Der Verein sieht mit dem Umfrageergebnis die Angaben von Ordnungsbehörden und der Raucherlobby widerlegt, wonach rund 90 Prozent der bayerischen Lokale rauchfrei sind. „Das mag vielleicht kurz nach der Aufweichung des früheren Gesundheitsschutzgesetzes der CSU im Jahr 2008 der Fall gewesen sein“, sagt Pro-Rauchfrei-Vorstandsvorsitzender Siegfried Ermer. „Inzwischen wird aber bereits wieder in vielen Gaststätten die Atemluft mit Schadstoffen aus dem Tabakrauch kontaminiert.“
Gerade in ländlichen Regionen nehmen es die Wirte mit dem Rauchverbot demnach nicht so genau. Während in mittelgroßen und großen Städten in rund einem Drittel der Lokale blauer Dunst erlaubt sei, liege dieser Anteil in Dorfwirtschaften bei 40 Prozent.

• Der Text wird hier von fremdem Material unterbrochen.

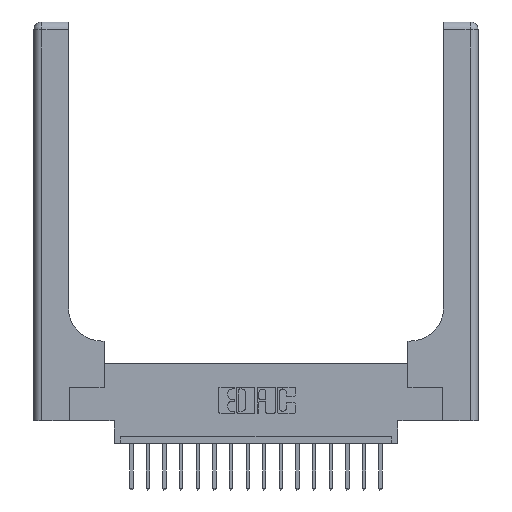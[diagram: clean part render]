
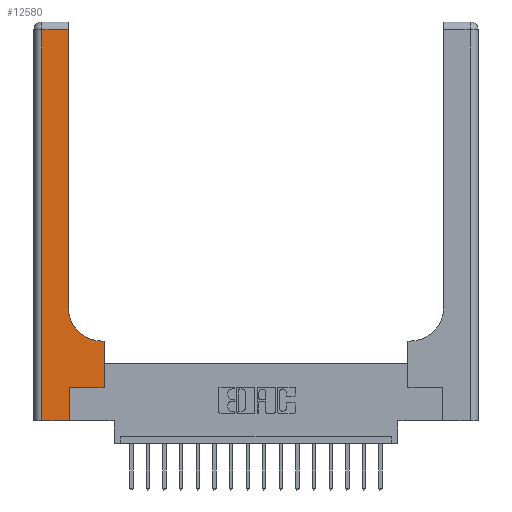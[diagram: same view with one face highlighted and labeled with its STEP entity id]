
A CAD part, top view. The second image highlights one B-rep face of the part: STEP entity #12580.
In plain terms, the highlighted planar face has unit normal (0, 0, 1).
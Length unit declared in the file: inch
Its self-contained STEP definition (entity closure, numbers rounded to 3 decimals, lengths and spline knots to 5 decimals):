
#232 = EDGE_CURVE ( 'NONE', #6255, #13595, #2332, .T. ) ;
#959 = LINE ( 'NONE', #19006, #13593 ) ;
#1048 = VECTOR ( 'NONE', #10350, 39.37008 ) ;
#1152 = CARTESIAN_POINT ( 'NONE',  ( 0., 2.94, 0.37 ) ) ;
#1437 = ORIENTED_EDGE ( 'NONE', *, *, #8292, .T. ) ;
#1479 = EDGE_CURVE ( 'NONE', #11418, #6594, #959, .T. ) ;
#2123 = DIRECTION ( 'NONE',  ( 1., 0., 0. ) ) ;
#2332 = CIRCLE ( 'NONE', #5729, 0.25 ) ;
#2595 = VERTEX_POINT ( 'NONE', #13316 ) ;
#2652 = EDGE_CURVE ( 'NONE', #13640, #16423, #17268, .T. ) ;
#2687 = CARTESIAN_POINT ( 'NONE',  ( 0.51, 0.85, 0.37 ) ) ;
#3036 = VERTEX_POINT ( 'NONE', #15085 ) ;
#3196 = FACE_OUTER_BOUND ( 'NONE', #13835, .T. ) ;
#3333 = ORIENTED_EDGE ( 'NONE', *, *, #9883, .T. ) ;
#3546 = VECTOR ( 'NONE', #13201, 39.37008 ) ;
#3932 = DIRECTION ( 'NONE',  ( -1., 0., 0. ) ) ;
#3944 = EDGE_CURVE ( 'NONE', #9135, #3036, #6703, .T. ) ;
#4378 = EDGE_CURVE ( 'NONE', #6594, #6255, #6866, .T. ) ;
#4980 = VECTOR ( 'NONE', #9169, 39.37008 ) ;
#5600 = ORIENTED_EDGE ( 'NONE', *, *, #10465, .T. ) ;
#5729 = AXIS2_PLACEMENT_3D ( 'NONE', #2687, #9716, #11447 ) ;
#6051 = LINE ( 'NONE', #16244, #4980 ) ;
#6255 = VERTEX_POINT ( 'NONE', #15538 ) ;
#6299 = VECTOR ( 'NONE', #15533, 39.37008 ) ;
#6388 = CARTESIAN_POINT ( 'NONE',  ( 0.06, 0., 0.37 ) ) ;
#6594 = VERTEX_POINT ( 'NONE', #18608 ) ;
#6703 = LINE ( 'NONE', #11056, #13709 ) ;
#6866 = LINE ( 'NONE', #12409, #7878 ) ;
#7623 = CARTESIAN_POINT ( 'NONE',  ( 0.265, 0.25, 0.37 ) ) ;
#7878 = VECTOR ( 'NONE', #3932, 39.37008 ) ;
#8292 = EDGE_CURVE ( 'NONE', #13595, #13640, #6051, .T. ) ;
#8853 = DIRECTION ( 'NONE',  ( -1., 0., 0. ) ) ;
#9135 = VERTEX_POINT ( 'NONE', #6388 ) ;
#9138 = DIRECTION ( 'NONE',  ( 0., 0., -1. ) ) ;
#9169 = DIRECTION ( 'NONE',  ( 0., 1., 0. ) ) ;
#9242 = AXIS2_PLACEMENT_3D ( 'NONE', #10301, #9138, #8853 ) ;
#9440 = CARTESIAN_POINT ( 'NONE',  ( 0.06, 3., 0.37 ) ) ;
#9489 = ORIENTED_EDGE ( 'NONE', *, *, #1479, .T. ) ;
#9644 = EDGE_CURVE ( 'NONE', #3036, #2595, #16502, .T. ) ;
#9716 = DIRECTION ( 'NONE',  ( 0., 0., -1. ) ) ;
#9883 = EDGE_CURVE ( 'NONE', #16423, #9135, #18050, .T. ) ;
#10209 = CARTESIAN_POINT ( 'NONE',  ( 0.26, 0.85, 0.37 ) ) ;
#10301 = CARTESIAN_POINT ( 'NONE',  ( 0., 3., 0.37 ) ) ;
#10350 = DIRECTION ( 'NONE',  ( 1., 0., 0. ) ) ;
#10465 = EDGE_CURVE ( 'NONE', #2595, #11418, #17892, .T. ) ;
#10684 = CARTESIAN_POINT ( 'NONE',  ( 0.06, 2.94, 0.37 ) ) ;
#11056 = CARTESIAN_POINT ( 'NONE',  ( 0., 0., 0.37 ) ) ;
#11098 = ORIENTED_EDGE ( 'NONE', *, *, #2652, .T. ) ;
#11210 = ORIENTED_EDGE ( 'NONE', *, *, #4378, .T. ) ;
#11418 = VERTEX_POINT ( 'NONE', #12516 ) ;
#11447 = DIRECTION ( 'NONE',  ( 1., 0., 0. ) ) ;
#11868 = DIRECTION ( 'NONE',  ( 0., 1., 0. ) ) ;
#12409 = CARTESIAN_POINT ( 'NONE',  ( 0.26, 0.6, 0.37 ) ) ;
#12467 = ORIENTED_EDGE ( 'NONE', *, *, #232, .T. ) ;
#12516 = CARTESIAN_POINT ( 'NONE',  ( 0.528, 0.25, 0.37 ) ) ;
#12580 = ADVANCED_FACE ( 'NONE', ( #3196 ), #16489, .F. ) ;
#12758 = CARTESIAN_POINT ( 'NONE',  ( 0.26, 2.94, 0.37 ) ) ;
#13201 = DIRECTION ( 'NONE',  ( -1., 0., 0. ) ) ;
#13316 = CARTESIAN_POINT ( 'NONE',  ( 0.265, 0.25, 0.37 ) ) ;
#13320 = CARTESIAN_POINT ( 'NONE',  ( 0.265, 0., 0.37 ) ) ;
#13593 = VECTOR ( 'NONE', #14166, 39.37008 ) ;
#13595 = VERTEX_POINT ( 'NONE', #10209 ) ;
#13640 = VERTEX_POINT ( 'NONE', #12758 ) ;
#13709 = VECTOR ( 'NONE', #2123, 39.37008 ) ;
#13835 = EDGE_LOOP ( 'NONE', ( #1437, #11098, #3333, #18227, #19053, #5600, #9489, #11210, #12467 ) ) ;
#14166 = DIRECTION ( 'NONE',  ( 0., 1., 0. ) ) ;
#15085 = CARTESIAN_POINT ( 'NONE',  ( 0.265, 0., 0.37 ) ) ;
#15533 = DIRECTION ( 'NONE',  ( 0., -1., 0. ) ) ;
#15538 = CARTESIAN_POINT ( 'NONE',  ( 0.51, 0.6, 0.37 ) ) ;
#16244 = CARTESIAN_POINT ( 'NONE',  ( 0.26, 3., 0.37 ) ) ;
#16423 = VERTEX_POINT ( 'NONE', #10684 ) ;
#16489 = PLANE ( 'NONE',  #9242 ) ;
#16502 = LINE ( 'NONE', #13320, #18121 ) ;
#17268 = LINE ( 'NONE', #1152, #3546 ) ;
#17892 = LINE ( 'NONE', #7623, #1048 ) ;
#18050 = LINE ( 'NONE', #9440, #6299 ) ;
#18121 = VECTOR ( 'NONE', #11868, 39.37008 ) ;
#18227 = ORIENTED_EDGE ( 'NONE', *, *, #3944, .T. ) ;
#18608 = CARTESIAN_POINT ( 'NONE',  ( 0.528, 0.6, 0.37 ) ) ;
#19006 = CARTESIAN_POINT ( 'NONE',  ( 0.528, 0.25, 0.37 ) ) ;
#19053 = ORIENTED_EDGE ( 'NONE', *, *, #9644, .T. ) ;
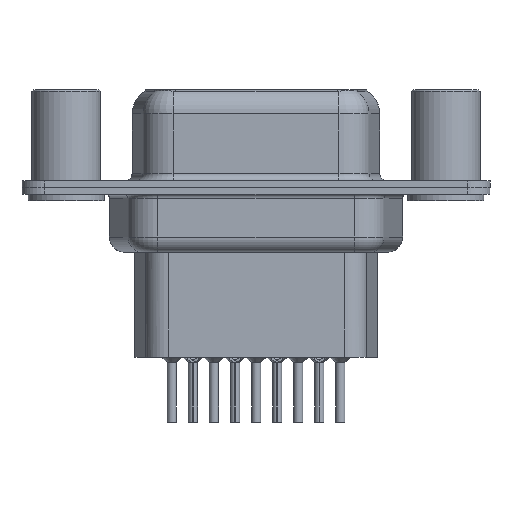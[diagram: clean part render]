
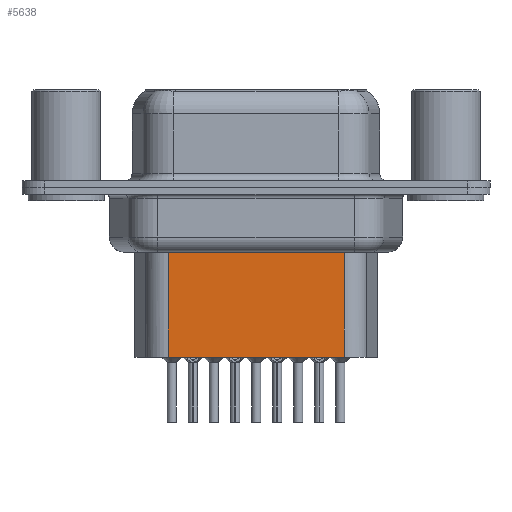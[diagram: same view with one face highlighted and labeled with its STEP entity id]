
A CAD part, front view. The second image highlights one B-rep face of the part: STEP entity #5638.
In plain terms, the highlighted planar face has unit normal (0, -1, 0).
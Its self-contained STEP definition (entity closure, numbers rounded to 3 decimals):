
#329 = ORIENTED_EDGE ( 'NONE', *, *, #17646, .F. ) ;
#628 = DIRECTION ( 'NONE',  ( 0., -1., 0. ) ) ;
#1397 = DIRECTION ( 'NONE',  ( -1., 0., 0. ) ) ;
#1409 = CARTESIAN_POINT ( 'NONE',  ( 18.294, -3.5, -3.1 ) ) ;
#1508 = ORIENTED_EDGE ( 'NONE', *, *, #8122, .T. ) ;
#1688 = ORIENTED_EDGE ( 'NONE', *, *, #22270, .F. ) ;
#2204 = FACE_OUTER_BOUND ( 'NONE', #20618, .T. ) ;
#2476 = VECTOR ( 'NONE', #3000, 1000. ) ;
#3000 = DIRECTION ( 'NONE',  ( 0., 0., -1. ) ) ;
#3358 = VERTEX_POINT ( 'NONE', #3954 ) ;
#3724 = CARTESIAN_POINT ( 'NONE',  ( 6.706, -3.5, -11.15 ) ) ;
#3954 = CARTESIAN_POINT ( 'NONE',  ( 18.294, -3.5, -11.15 ) ) ;
#4820 = VERTEX_POINT ( 'NONE', #20271 ) ;
#4893 = LINE ( 'NONE', #1409, #18375 ) ;
#5421 = VECTOR ( 'NONE', #14647, 1000. ) ;
#5638 = ADVANCED_FACE ( 'NONE', ( #2204 ), #5681, .T. ) ;
#5681 = PLANE ( 'NONE',  #8793 ) ;
#6378 = EDGE_CURVE ( 'NONE', #20563, #20127, #20225, .T. ) ;
#6590 = CARTESIAN_POINT ( 'NONE',  ( 6.706, -3.5, -3.1 ) ) ;
#7725 = LINE ( 'NONE', #16132, #5421 ) ;
#7826 = CARTESIAN_POINT ( 'NONE',  ( 6.459, -3.5, -4.097 ) ) ;
#8049 = LINE ( 'NONE', #7826, #21793 ) ;
#8122 = EDGE_CURVE ( 'NONE', #4820, #20563, #8049, .T. ) ;
#8793 = AXIS2_PLACEMENT_3D ( 'NONE', #9207, #628, #14430 ) ;
#9207 = CARTESIAN_POINT ( 'NONE',  ( 6.706, -3.5, -3.1 ) ) ;
#10901 = ORIENTED_EDGE ( 'NONE', *, *, #6378, .T. ) ;
#11977 = CARTESIAN_POINT ( 'NONE',  ( 6.706, -3.5, -4.097 ) ) ;
#13745 = DIRECTION ( 'NONE',  ( 0., 0., -1. ) ) ;
#14430 = DIRECTION ( 'NONE',  ( 1., 0., 0. ) ) ;
#14647 = DIRECTION ( 'NONE',  ( -1., 0., 0. ) ) ;
#16132 = CARTESIAN_POINT ( 'NONE',  ( 6.706, -3.5, -11.15 ) ) ;
#17646 = EDGE_CURVE ( 'NONE', #4820, #3358, #4893, .T. ) ;
#18375 = VECTOR ( 'NONE', #13745, 1000. ) ;
#20127 = VERTEX_POINT ( 'NONE', #3724 ) ;
#20225 = LINE ( 'NONE', #6590, #2476 ) ;
#20271 = CARTESIAN_POINT ( 'NONE',  ( 18.294, -3.5, -4.097 ) ) ;
#20563 = VERTEX_POINT ( 'NONE', #11977 ) ;
#20618 = EDGE_LOOP ( 'NONE', ( #329, #1508, #10901, #1688 ) ) ;
#21793 = VECTOR ( 'NONE', #1397, 1000. ) ;
#22270 = EDGE_CURVE ( 'NONE', #3358, #20127, #7725, .T. ) ;
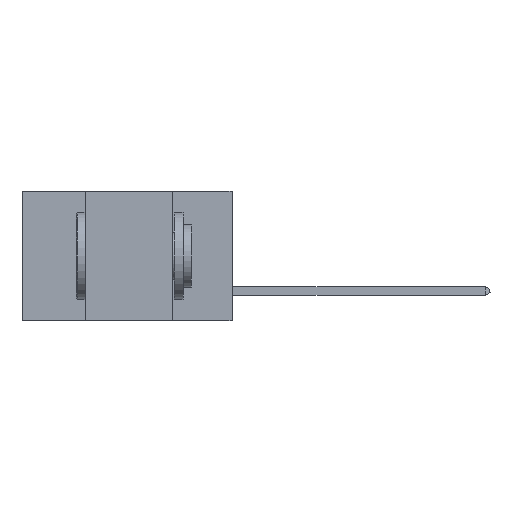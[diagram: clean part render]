
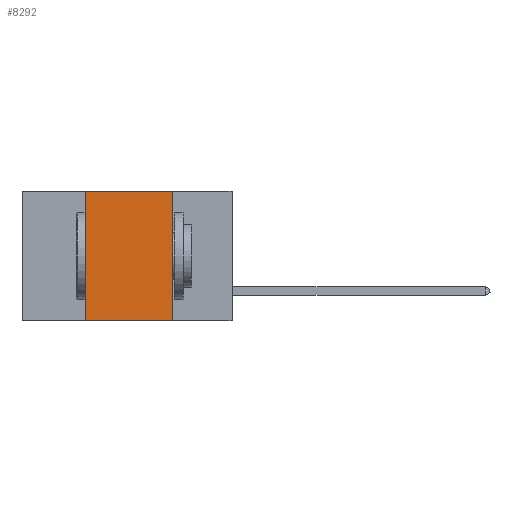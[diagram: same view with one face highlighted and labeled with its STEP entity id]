
A CAD part, left-side view. The second image highlights one B-rep face of the part: STEP entity #8292.
In plain terms, the highlighted planar face has unit normal (-1, 0, 0).
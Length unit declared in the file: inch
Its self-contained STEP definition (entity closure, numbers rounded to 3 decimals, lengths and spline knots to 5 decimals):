
#5 = CARTESIAN_POINT ( 'NONE',  ( 0., 0.6, 0. ) ) ;
#320 = DIRECTION ( 'NONE',  ( 0., 0., -1. ) ) ;
#379 = CARTESIAN_POINT ( 'NONE',  ( 0., 0.6, -0.37 ) ) ;
#463 = CARTESIAN_POINT ( 'NONE',  ( 0., 0.17, 0. ) ) ;
#1797 = DIRECTION ( 'NONE',  ( 0., -1., 0. ) ) ;
#2029 = LINE ( 'NONE', #379, #15457 ) ;
#2412 = CARTESIAN_POINT ( 'NONE',  ( 0., 0.17, -0.37 ) ) ;
#2492 = VECTOR ( 'NONE', #1797, 39.37008 ) ;
#2952 = PLANE ( 'NONE',  #11503 ) ;
#3468 = VERTEX_POINT ( 'NONE', #3722 ) ;
#3535 = CARTESIAN_POINT ( 'NONE',  ( 0., 0.6, 0. ) ) ;
#3557 = LINE ( 'NONE', #5, #2492 ) ;
#3722 = CARTESIAN_POINT ( 'NONE',  ( 0., 0.42, 0. ) ) ;
#3785 = ORIENTED_EDGE ( 'NONE', *, *, #21178, .F. ) ;
#4743 = VECTOR ( 'NONE', #320, 39.37008 ) ;
#4998 = DIRECTION ( 'NONE',  ( 0., 0., 1. ) ) ;
#7048 = EDGE_CURVE ( 'NONE', #3468, #16367, #3557, .T. ) ;
#7477 = CARTESIAN_POINT ( 'NONE',  ( 0., 0.42, -0.37 ) ) ;
#8292 = ADVANCED_FACE ( 'NONE', ( #16120 ), #2952, .F. ) ;
#8592 = ORIENTED_EDGE ( 'NONE', *, *, #14937, .T. ) ;
#10320 = EDGE_LOOP ( 'NONE', ( #13759, #13176, #3785, #8592 ) ) ;
#11503 = AXIS2_PLACEMENT_3D ( 'NONE', #3535, #13738, #17719 ) ;
#13176 = ORIENTED_EDGE ( 'NONE', *, *, #7048, .F. ) ;
#13738 = DIRECTION ( 'NONE',  ( 1., 0., 0. ) ) ;
#13759 = ORIENTED_EDGE ( 'NONE', *, *, #21281, .F. ) ;
#14937 = EDGE_CURVE ( 'NONE', #17081, #16386, #2029, .T. ) ;
#15060 = CARTESIAN_POINT ( 'NONE',  ( 0., 0.42, 0. ) ) ;
#15457 = VECTOR ( 'NONE', #17342, 39.37008 ) ;
#15960 = CARTESIAN_POINT ( 'NONE',  ( 0., 0.17, 0. ) ) ;
#16120 = FACE_OUTER_BOUND ( 'NONE', #10320, .T. ) ;
#16367 = VERTEX_POINT ( 'NONE', #15960 ) ;
#16386 = VERTEX_POINT ( 'NONE', #2412 ) ;
#16547 = LINE ( 'NONE', #463, #4743 ) ;
#17081 = VERTEX_POINT ( 'NONE', #7477 ) ;
#17342 = DIRECTION ( 'NONE',  ( 0., -1., 0. ) ) ;
#17719 = DIRECTION ( 'NONE',  ( 0., 0., -1. ) ) ;
#18408 = VECTOR ( 'NONE', #4998, 39.37008 ) ;
#18972 = LINE ( 'NONE', #15060, #18408 ) ;
#21178 = EDGE_CURVE ( 'NONE', #17081, #3468, #18972, .T. ) ;
#21281 = EDGE_CURVE ( 'NONE', #16367, #16386, #16547, .T. ) ;
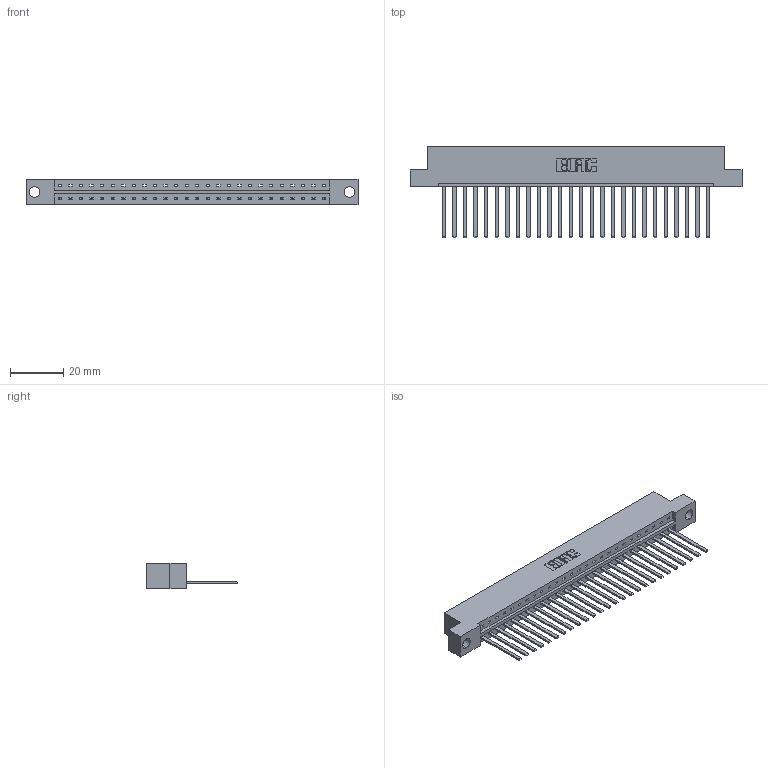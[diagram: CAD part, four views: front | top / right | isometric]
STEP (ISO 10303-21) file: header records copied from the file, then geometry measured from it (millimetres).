
FILE_DESCRIPTION (( 'STEP AP203' ), '1' );
FILE_NAME ('333-026-544-104.STEP', '2018-08-02T13:11:33', ( '' ), ( '' ), 'SwSTEP 2.0', 'SolidWorks 2016', '' );
FILE_SCHEMA (( 'CONFIG_CONTROL_DESIGN' ));
Length unit declared in the file: inch
Products named in the file (3): 345-292-001_345-293-144; 333-026-544-104; 333 Part_Flush - .156 Dia - TH
Assembly tree (27 placements, depth 2):
  333-026-544-104
    333 Part_Flush - .156 Dia - TH
    345-292-001_345-293-144  x26
Bounding box: 124.56 x 34.3 x 9.4 mm (x, y, z)
Volume: 12610.1 mm3; surface area: 14313.6 mm2
Topology: 27 solids, 27 shells, 1466 faces, 4419 edges, 2910 vertices
Faces by surface type: plane 1058, cylinder 408
Entity records: 17783 total; most frequent: CARTESIAN_POINT 3076, ORIENTED_EDGE 3038, DIRECTION 2623, EDGE_CURVE 1519, VECTOR 1395, LINE 1395, VERTEX_POINT 1010, AXIS2_PLACEMENT_3D 614

Bars und Kneipen sind im Freistaat meistens fest in Raucherhand. Nur 23 Prozent der sogenannten getränkegeprägten Lokale haben den Nikotin-Dunst verbannt. Mit der Veröffentlichung der Umfrage untermauern die Befürworter eines ausnahmslosen Rauchverbots wenige Tage vor dem Volksentscheid am 4. Juli nochmal, für wie dringlich sie ihr Anliegen halten.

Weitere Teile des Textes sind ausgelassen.